_REQUIRED ACTION_:
Without the pictures, print each of the records below exactly as it appears.

[RECORDS FOR THIS TASK — start]

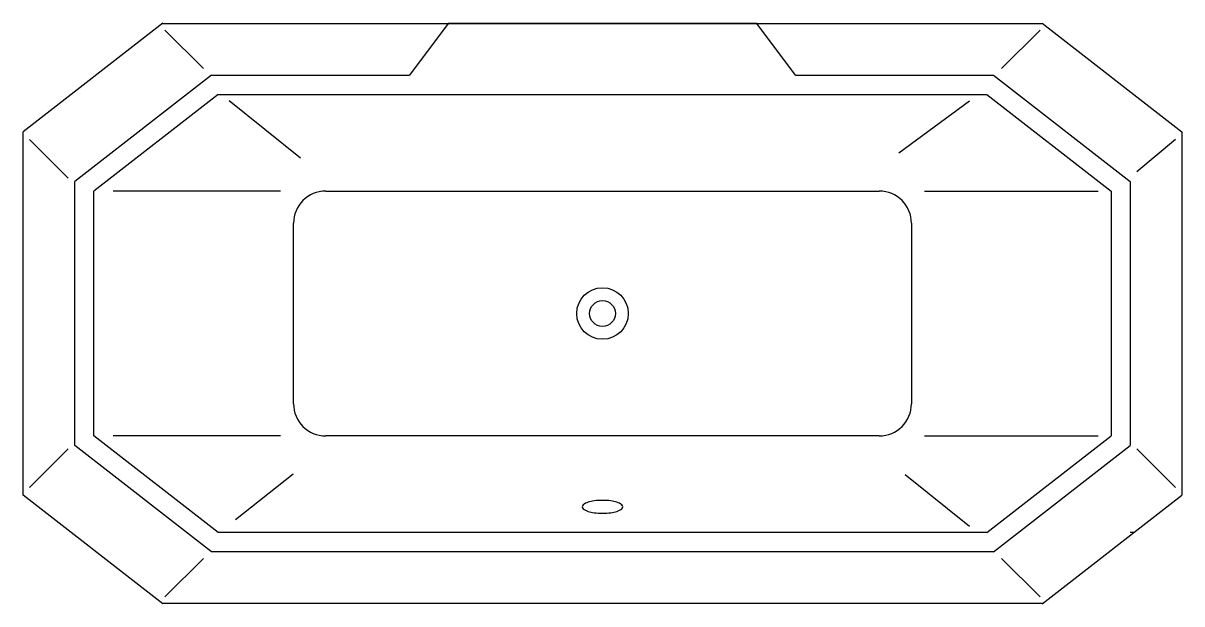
# Model space of a CAD drawing. Extents: x 0 to 180, y 0 to 90.
import ezdxf

# ---------------------------------------------------------------- set-up
doc = ezdxf.new("R2010")
doc.units = 0
doc.header["$LTSCALE"] = 50
doc.header["$MEASUREMENT"] = 0
doc.layers.get('0').update_dxf_attribs({"linetype": 'CONTINUOUS'})

msp = doc.modelspace()

# ---------------------------------------------------------------- linework, layer by layer
at = {"color": 0, "linetype": 'ByBlock'}
for p, q in [((21.72, 90.06), (0, 73.18)), ((21.65, 90), (158.35, 90)), ((66, 90), (60, 82)), ((114, 90), (66, 90)), ((120, 82), (114, 90)), ((158.28, 90.06), (180, 73.18)), ((22, 89), (28, 83)), ((158, 89), (152, 83)), ((29.28, 82), (8, 65.47)), ((29.28, 82), (60, 82)), ((120, 82), (150.72, 82)), ((150.72, 82), (172, 65.47)), ((30.31, 79), (11, 64)), ((30.31, 79), (149.69, 79)), ((43.1, 69.12), (32, 78)), ((136.03, 69.96), (147, 78)), ((149.69, 79), (169, 64)), ((0, 16.82), (0, 73.18)), ((1, 72), (7, 66)), ((179, 72), (173, 67)), ((180, 73.18), (180, 16.82)), ((8, 24.53), (8, 65.47)), ((172, 65.47), (172, 24.53)), ((11, 26), (11, 64)), ((40, 64), (14, 64)), ((47, 64), (133, 64)), ((140, 64), (167, 64)), ((169, 64), (169, 26)), ((42, 31), (42, 59)), ((138, 59), (138, 31)), ((30.31, 11), (11, 26)), ((40, 26), (14, 26)), ((133, 26), (47, 26)), ((140, 26), (167, 26)), ((149.69, 11), (169, 26)), ((1, 18), (7, 24)), ((29.28, 8), (8, 24.53)), ((150.72, 8), (172, 24.53)), ((179, 18), (173, 24)), ((41.97, 20.04), (33, 13)), ((137, 20), (147, 12)), ((21.72, -0.06), (0, 16.82)), ((158.28, -0.06), (180, 16.82)), ((149.69, 11), (30.31, 11)), ((172.51, 11), (172, 11)), ((150.72, 8), (29.28, 8)), ((22, 1), (28, 7)), ((158, 1), (152, 7)), ((158.35, 0), (21.65, 0))]:
    msp.add_line(p, q, dxfattribs=at)
msp.add_lwpolyline([(90, 14, 0.032573), (91.3, 14.08, 0.044037), (92.24, 14.29, 0.086659), (93.01, 14.7, 0.233813), (93.16, 15, 0.233813), (93.01, 15.3, 0.086659), (92.24, 15.71, 0.044037), (91.3, 15.92, 0.032573), (90, 16, 0.032573), (88.7, 15.92, 0.044037), (87.76, 15.71, 0.086659), (86.99, 15.3, 0.233813), (86.84, 15, 0.233813), (86.99, 14.7, 0.086659), (87.76, 14.29, 0.044037), (88.7, 14.08, 0.032573)], format="xyb", close=True, dxfattribs=at)
for radius in [4, 2]:
    msp.add_circle((90, 45), radius, dxfattribs=at)
for centre, start, end in [((47, 59), 90, 180), ((133, 59), 0, 90), ((47, 31), 180, 270), ((133, 31), 270, 0)]:
    msp.add_arc(centre, 5, start, end, dxfattribs=at)

doc.saveas('drawing.dxf')

[RECORDS FOR THIS TASK — finish]

_ANSWER SPACE_:
# Model space of a CAD drawing. Extents: x 0 to 180, y 0 to 90.
import ezdxf

# ---------------------------------------------------------------- set-up
doc = ezdxf.new("R2010")
doc.units = 0
doc.header["$LTSCALE"] = 50
doc.header["$MEASUREMENT"] = 0
doc.layers.get('0').update_dxf_attribs({"linetype": 'CONTINUOUS'})

msp = doc.modelspace()

# ---------------------------------------------------------------- linework, layer by layer
at = {"color": 0, "linetype": 'ByBlock'}
for p, q in [((21.72, 90.06), (0, 73.18)), ((21.65, 90), (158.35, 90)), ((66, 90), (60, 82)), ((114, 90), (66, 90)), ((120, 82), (114, 90)), ((158.28, 90.06), (180, 73.18)), ((22, 89), (28, 83)), ((158, 89), (152, 83)), ((29.28, 82), (8, 65.47)), ((29.28, 82), (60, 82)), ((120, 82), (150.72, 82)), ((150.72, 82), (172, 65.47)), ((30.31, 79), (11, 64)), ((30.31, 79), (149.69, 79)), ((43.1, 69.12), (32, 78)), ((136.03, 69.96), (147, 78)), ((149.69, 79), (169, 64)), ((0, 16.82), (0, 73.18)), ((1, 72), (7, 66)), ((179, 72), (173, 67)), ((180, 73.18), (180, 16.82)), ((8, 24.53), (8, 65.47)), ((172, 65.47), (172, 24.53)), ((11, 26), (11, 64)), ((40, 64), (14, 64)), ((47, 64), (133, 64)), ((140, 64), (167, 64)), ((169, 64), (169, 26)), ((42, 31), (42, 59)), ((138, 59), (138, 31)), ((30.31, 11), (11, 26)), ((40, 26), (14, 26)), ((133, 26), (47, 26)), ((140, 26), (167, 26)), ((149.69, 11), (169, 26)), ((1, 18), (7, 24)), ((29.28, 8), (8, 24.53)), ((150.72, 8), (172, 24.53)), ((179, 18), (173, 24)), ((41.97, 20.04), (33, 13)), ((137, 20), (147, 12)), ((21.72, -0.06), (0, 16.82)), ((158.28, -0.06), (180, 16.82)), ((149.69, 11), (30.31, 11)), ((172.51, 11), (172, 11)), ((150.72, 8), (29.28, 8)), ((22, 1), (28, 7)), ((158, 1), (152, 7)), ((158.35, 0), (21.65, 0))]:
    msp.add_line(p, q, dxfattribs=at)
msp.add_lwpolyline([(90, 14, 0.032573), (91.3, 14.08, 0.044037), (92.24, 14.29, 0.086659), (93.01, 14.7, 0.233813), (93.16, 15, 0.233813), (93.01, 15.3, 0.086659), (92.24, 15.71, 0.044037), (91.3, 15.92, 0.032573), (90, 16, 0.032573), (88.7, 15.92, 0.044037), (87.76, 15.71, 0.086659), (86.99, 15.3, 0.233813), (86.84, 15, 0.233813), (86.99, 14.7, 0.086659), (87.76, 14.29, 0.044037), (88.7, 14.08, 0.032573)], format="xyb", close=True, dxfattribs=at)
for radius in [4, 2]:
    msp.add_circle((90, 45), radius, dxfattribs=at)
for centre, start, end in [((47, 59), 90, 180), ((133, 59), 0, 90), ((47, 31), 180, 270), ((133, 31), 270, 0)]:
    msp.add_arc(centre, 5, start, end, dxfattribs=at)

doc.saveas('drawing.dxf')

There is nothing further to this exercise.